If you prefer the Pandas versions of mean and median, you can use the names of the function, as a string, rather than the functions themselves:

# Mean using Pandas mean instead of Numpy mean.
# Pandas mean ignores NaN values, for example.
by_class.agg(mean_age=('age', 'mean'),
             median_fare=('fare', 'median'))

	mean_age	median_fare
class
1st	39.441584	59.08
2nd	30.193916	15.01
3rd	24.978557	8.01

Grouping by more than one column#

GroupBy can group by more than one set of categories.

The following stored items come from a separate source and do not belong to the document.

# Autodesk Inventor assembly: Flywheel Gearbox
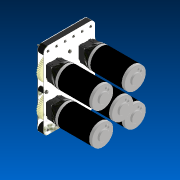
[picture p0: Inventor's stored thumbnail of the model, 180x180]
Saved by Autodesk Inventor 2022 (Build 260153000, 153)
## iProperties
Created: 2022-02-21
Part Number: Flywheel Gearbox
Document SubType Name: Assembly
Designer: omard
Mass: 7293.51 g
Surface Area: 6342.65 cm^2
Volume: 2548.68 cm^3
Density: 2.86168 g/cm^3
Author: omard
## Documents named in this file (21)
- C:\Users\score_nygvs6w\OneDrive - Auburn University\BasketBall Shooting Robot\Flywheel Gearbox.iam
- C:\Users\score_nygvs6w\OneDrive - Auburn University\BasketBall Shooting Robot\VEX Parts\CIM Motor (217-2000).ipt
- C:\Users\score_nygvs6w\OneDrive - Auburn University\BasketBall Shooting Robot\VEX Parts\VersaPlanetary v2 NoStage.iam
- C:\Users\score_nygvs6w\OneDrive - Auburn University\BasketBall Shooting Robot\VEX Parts\54T Aluminum Spur Gear (20 DP, 1_2 Hex Bore) (217-3573).ipt
- C:\Users\score_nygvs6w\OneDrive - Auburn University\BasketBall Shooting Robot\VEX Parts\54T Aluminum Spur Gear (20 DP, 1_2 Hex Bore, VersaKeys) (217-3221).ipt
- C:\Users\score_nygvs6w\OneDrive - Auburn University\BasketBall Shooting Robot\VEX Parts\Clamping Shaft Collar - 1_2 Hex ID (217-2737).ipt
- C:\Users\score_nygvs6w\OneDrive - Auburn University\BasketBall Shooting Robot\VEX Parts\60T x 18mm Wide VersaPulley Kit (HTD 5mm, VersaKeys) (217-3200).iam
- C:\Users\score_nygvs6w\OneDrive - Auburn University\BasketBall Shooting Robot\VEX Parts\1_2” Hex Bore Aluminum VersaHub (217-2592).ipt
- C:\Users\score_nygvs6w\OneDrive - Auburn University\BasketBall Shooting Robot\VEX Parts\1.125 Bearing Pilot Plastic VersaHub (1_4 Wide, w_ Plate Sprocket Mount) (217-3234).ipt
- C:\Users\score_nygvs6w\OneDrive - Auburn University\BasketBall Shooting Robot\Motor Bracket Outer Panel.ipt
- C:\Users\score_nygvs6w\OneDrive - Auburn University\BasketBall Shooting Robot\Motor Bracket Inner Panel.ipt
- C:\Users\score_nygvs6w\OneDrive - Auburn University\BasketBall Shooting Robot\VEX Parts\#8-32 x 0.625 Star Drive Screw (276-4993).ipt
- C:\Users\score_nygvs6w\OneDrive - Auburn University\BasketBall Shooting Robot\Motor Bracket Seperator.ipt
- C:\Users\score_nygvs6w\OneDrive - Auburn University\BasketBall Shooting Robot\VEX Parts\13.75mm (1_2 ThunderHex ID) x 1.125 OD x 0.313 WD (Flanged Bearing) (217-4006).ipt
- C:\Users\score_nygvs6w\OneDrive - Auburn University\BasketBall Shooting Robot\1_10 Spacer 1_2 Hex Custom.ipt
- C:\Users\score_nygvs6w\OneDrive - Auburn University\BasketBall Shooting Robot\VEX Parts\#8-32 x 1.250 Star Drive Screw (276-4997).ipt
- C:\Users\score_nygvs6w\OneDrive - Auburn University\BasketBall Shooting Robot\VEX Parts\#8-32 Nylock Nut (275-1027).ipt
- C:\Users\score_nygvs6w\OneDrive - Auburn University\BasketBall Shooting Robot\5_8 Spacer Screw Custom.ipt
- C:\Users\score_nygvs6w\OneDrive - Auburn University\BasketBall Shooting Robot\VEX Parts\#8-32 x 1.000 Star Drive Screw (276-4996).ipt
- C:\Users\score_nygvs6w\OneDrive - Auburn University\BasketBall Shooting Robot\VEX Parts\Falcon 500, Powered by Talon FX (217-6515).iam
- C:\Users\score_nygvs6w\OneDrive - Auburn University\BasketBall Shooting Robot\VEX Parts\VersaPlanetary v2 NoStage Encoder.iam
## Components (84 placed, 20 different names)
1. CIM Motor (217-2000):1 — Mate:5, Mate:6, Mate:18, Flush:10
2. CIM Motor (217-2000):2 — Flush:2, Mate:11, Mate:12, Mate:14, Mate:16, Mate:19, Mate:56
3. CIM Motor (217-2000):3 — Mate:7, Mate:8, Mate:15, Mate:18, Mate:19, Mate:54, Mate:55
4. CIM Motor (217-2000):4 — Flush:2, Mate:9, Mate:10, Mate:13, Mate:55, Flush:10, Flush:11
5. CIM Motor (217-2000):5 — Mate:54, Flush:11, Mate:56
6. VersaPlanetary v2 NoStage Encoder:1 [sub-assembly] — Angle:2, Mate:7, Mate:8, Mate:15, Mate:25, Angle:5, Mate:47, Angle:15, Mate:48, Mate:51, Angle:16, Mate:60, Mate:62, Angle:29, Mate:105, Mate:110, Angle:32, Mate:113, Mate:189, Mate:199
7. VersaPlanetary v2 NoStage:2 [sub-assembly] — Angle:3, Angle:4, Mate:11, Mate:12, Mate:14, Mate:23, Angle:7, Angle:10, Mate:59, Mate:99, Angle:30, Mate:106, Mate:112, Mate:187, Mate:193, Mate:200
8. VersaPlanetary v2 NoStage:3 [sub-assembly] — Mate:5, Angle:1, Angle:2, Angle:3, Mate:6, Mate:22, Angle:6, Mate:58, Mate:66, Mate:98, Angle:31, Mate:107, Mate:111, Mate:191, Mate:192, Mate:196, Mate:197, Flush:12
9. VersaPlanetary v2 NoStage:4 [sub-assembly] — Angle:4, Mate:9, Mate:10, Mate:13, Mate:24, Angle:8, Flush:8, Mate:57, Mate:97, Angle:27, Mate:103, Mate:108, Mate:190, Mate:195, Mate:198, Flush:12
10. VersaPlanetary v2 NoStage:5 [sub-assembly] — Flush:8, Angle:10, Mate:61, Mate:100, Angle:28, Mate:104, Mate:109, Mate:188, Mate:194, Mate:201, Mate:202
11. 54T Aluminum Spur Gear (20 DP, 1_2 Hex Bore) (217-3573):1 — Mate:22, Angle:6, Flush:6, Mate:102
12. 54T Aluminum Spur Gear (20 DP, 1_2 Hex Bore, VersaKeys) (217-3221):1 — Mate:25, Angle:5, Flush:4, Mate:49, Mate:50, Mate:52
13. 54T Aluminum Spur Gear (20 DP, 1_2 Hex Bore) (217-3573):2 — Mate:23, Angle:7, Flush:5, Flush:6
14. 54T Aluminum Spur Gear (20 DP, 1_2 Hex Bore) (217-3573):3 — Mate:24, Angle:8, Flush:4, Flush:5, Flush:7
15. 54T Aluminum Spur Gear (20 DP, 1_2 Hex Bore) (217-3573):4 — Flush:7
16. Clamping Shaft Collar - 1_2 Hex ID (217-2737):5 — Mate:51, Angle:16, Mate:52
17. 60T x 18mm Wide VersaPulley Kit (HTD 5mm, VersaKeys) (217-3200):1 [sub-assembly] — Mate:41, Mate:42, Mate:46, Mate:53, Mate:133, Mate:134, Mate:135, Mate:136, Mate:137, Mate:138, Angle:39, Angle:40, Angle:41, Angle:42, Angle:43, Angle:44
18. 1_2” Hex Bore Aluminum VersaHub (217-2592):1 — Mate:41, Mate:42, Mate:46, Mate:47, Angle:15, Mate:114, Mate:115, Mate:116, Mate:117, Mate:118, Mate:119, Mate:120, Mate:121, Mate:122, Mate:123, Mate:124, Mate:125, Mate:126
19. 1.125 Bearing Pilot Plastic VersaHub (1_4 Wide, w_ Plate Sprocket Mount) (217-3234):1 — Mate:48, Mate:49, Mate:50, Mate:53
20. Motor Bracket Outer Panel:1 — Mate:89, Mate:90, Mate:91, Mate:92, Mate:93, Mate:94, Mate:95, Mate:96, Mate:101, Mate:171, Mate:172, Mate:173, Mate:174, Mate:175, Mate:176, Mate:177, Mate:178, Angle:65, Angle:66, Angle:67, Angle:68
21. Motor Bracket Inner Panel:1 — Mate:57, Mate:58, Mate:59, Mate:60, Mate:61, Mate:62, Mate:63, Mate:64, Mate:65, Mate:67, Mate:68, Mate:69, Mate:70, Mate:71, Mate:72, Mate:73, Mate:74, Mate:75, Mate:76, Mate:77, Mate:78, Mate:79, Mate:80, Mate:81, Mate:82, Angle:17, Angle:18, Angle:19, Angle:20, Angle:21, Angle:22, Angle:23, Angle:24, Angle:25, Angle:26, Mate:83, Mate:84, Mate:85, Mate:86, Mate:87, Mate:88, Angle:33, Angle:34, Angle:35, Angle:36, Angle:37, Angle:38, Angle:45, Angle:46, Angle:47, Angle:48, Mate:139, Mate:140, Mate:141, Mate:142, Mate:143, Mate:144, Mate:145, Mate:146, Mate:147, Mate:148, Mate:149, Mate:150, Mate:151, Mate:152, Mate:153, Mate:154, Mate:155, Mate:156, Mate:157, Mate:158, Mate:159, Mate:160, Mate:161, Mate:162, Angle:49, Angle:50, Angle:51, Angle:52, Angle:53, Angle:54, Angle:55, Angle:56, Angle:57, Angle:58, Angle:59, Angle:60, Mate:163, Mate:164, Mate:165, Mate:166, Mate:167, Mate:168, Mate:169, Mate:170, Angle:61, Angle:62, Angle:63, Angle:64, Mate:183, Mate:184, Mate:185, Mate:186, Angle:69, Angle:70, Angle:71, Angle:72, Mate:202
22. #8-32 x 0.625 Star Drive Screw (276-4993):1 — Mate:65, Mate:81, Angle:26
23. #8-32 x 0.625 Star Drive Screw (276-4993):2 — Mate:66, Mate:82, Angle:25
24. #8-32 x 0.625 Star Drive Screw (276-4993):3 — Mate:63, Mate:80, Angle:24
25. #8-32 x 0.625 Star Drive Screw (276-4993):4 — Mate:64, Mate:79, Angle:23
26. #8-32 x 0.625 Star Drive Screw (276-4993):5 — Mate:72, Mate:73, Angle:22
27. #8-32 x 0.625 Star Drive Screw (276-4993):6 — Mate:71, Mate:74, Angle:21
28. #8-32 x 0.625 Star Drive Screw (276-4993):7 — Mate:68, Mate:76, Angle:20
29. #8-32 x 0.625 Star Drive Screw (276-4993):8 — Mate:67, Mate:75, Angle:19
30. #8-32 x 0.625 Star Drive Screw (276-4993):9 — Mate:70, Mate:78, Angle:18
31. #8-32 x 0.625 Star Drive Screw (276-4993):10 — Mate:69, Mate:77, Angle:17
32. Motor Bracket Seperator:1 — Mate:83, Mate:84, Mate:88
33. Motor Bracket Seperator:2 — Mate:85, Mate:86, Mate:87, Mate:101
34. 13.75mm (1_2 ThunderHex ID) x 1.125 OD x 0.313 WD (Flanged Bearing) (217-4006):1 — Mate:89, Mate:94, Mate:98, Mate:102, Angle:48
35. 13.75mm (1_2 ThunderHex ID) x 1.125 OD x 0.313 WD (Flanged Bearing) (217-4006):2 — Mate:90, Mate:95, Mate:97, Angle:47
36. 13.75mm (1_2 ThunderHex ID) x 1.125 OD x 0.313 WD (Flanged Bearing) (217-4006):3 — Mate:92, Mate:96, Mate:100, Angle:46
37. 13.75mm (1_2 ThunderHex ID) x 1.125 OD x 0.313 WD (Flanged Bearing) (217-4006):4 — Mate:91, Mate:93, Mate:99, Angle:45
38. 1_10 Spacer 1_2 Hex Custom:1 — Angle:27, Mate:104, Mate:109
39. 1_10 Spacer 1_2 Hex Custom:2 — Angle:30, Mate:106, Mate:112
40. 1_10 Spacer 1_2 Hex Custom:3 — Angle:31, Mate:107, Mate:111
41. 1_10 Spacer 1_2 Hex Custom:4 — Angle:29, Mate:105, Mate:110
42. 1_10 Spacer 1_2 Hex Custom:5 — Angle:28, Mate:103, Mate:108
43. 1_10 Spacer 1_2 Hex Custom:6 — Angle:32, Mate:113, Mate:114
44. #8-32 x 1.250 Star Drive Screw (276-4997):1 — Mate:120, Mate:124, Angle:38, Mate:127
45. #8-32 x 1.250 Star Drive Screw (276-4997):2 — Mate:116, Mate:123, Angle:37, Mate:128
46. #8-32 x 1.250 Star Drive Screw (276-4997):3 — Mate:118, Mate:125, Angle:36, Mate:130
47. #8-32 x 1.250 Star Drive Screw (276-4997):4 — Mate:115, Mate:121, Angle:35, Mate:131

For example, imagine we wanted to break down the rows of the data frame by both gender and class. That is, we want to form groups that are all the unique combinations of gender and class. These will be:

female and 1st
female and 2nd
female and 3rd
male and 1st
male and 2nd
male and 3rd

We can do this by giving groupby a list of the columns we want to categorize by:

by_gender_class = df.groupby(['gender', 'class'])
by_gender_class

<pandas.core.groupby.generic.DataFrameGroupBy object at 0x7f823f588390>

len(by_gender_class)

As before, GroupBy knows about each individual subgroup. For example, here we fetch the rows corresponding to gender female and class 3rd:

female_third = by_gender_class.get_group(('female', '3rd'))
female_third.head()

	name	gender	age	class	embarked	country	fare	survived
3	Abbott, Mrs. Rhoda Mary 'Rosa'	female	39.0	3rd	Southampton	England	20.0500	yes
4	Abelseth, Miss. Karen Marie	female	16.0	3rd	Southampton	Norway	7.1300	yes
12	Ahlin, Mrs. Johanna Persdotter	female	40.0	3rd	Southampton	Sweden	9.0906	no
14	Aks, Mrs. Leah	female	18.0	3rd	Southampton	England	9.0700	yes
28	Andersen-Jensen, Miss. Carla Christine Nielsine	female	19.0	3rd	Southampton	Denmark	7.1701	yes

Note that the group specification above has to be a tuple (surrounded by ()) rather than a list (surrounded by []).

As before, this gives us the same result as if we had done the selection the long way round:

female_df = df[df['gender'] == 'female']
female_3rd = female_df[female_df['class'] == '3rd']
female_3rd.head()

	name	gender	age	class	embarked	country	fare	survived
3	Abbott, Mrs. Rhoda Mary 'Rosa'	female	39.0	3rd	Southampton	England	20.0500	yes
4	Abelseth, Miss. Karen Marie	female	16.0	3rd	Southampton	Norway	7.1300	yes
12	Ahlin, Mrs. Johanna Persdotter	female	40.0	3rd	Southampton	Sweden	9.0906	no
14	Aks, Mrs. Leah	female	18.0	3rd	Southampton	England	9.0700	yes
28	Andersen-Jensen, Miss. Carla Christine Nielsine	female	19.0	3rd	Southampton	Denmark	7.1701	yes

Our aggregation functions operate on all the subgroups:

by_gender_class[['age', 'fare']].mean()

		age	fare
gender	class
female	1st	37.015152	104.078811
	2nd	28.870915	23.021025
	3rd	23.593800	14.752567
male	1st	41.336785	68.774733
	2nd	31.032091	20.606753
	3rd	25.627074	11.664950

Please see the Python Data Science Handbook chapter for much more detail.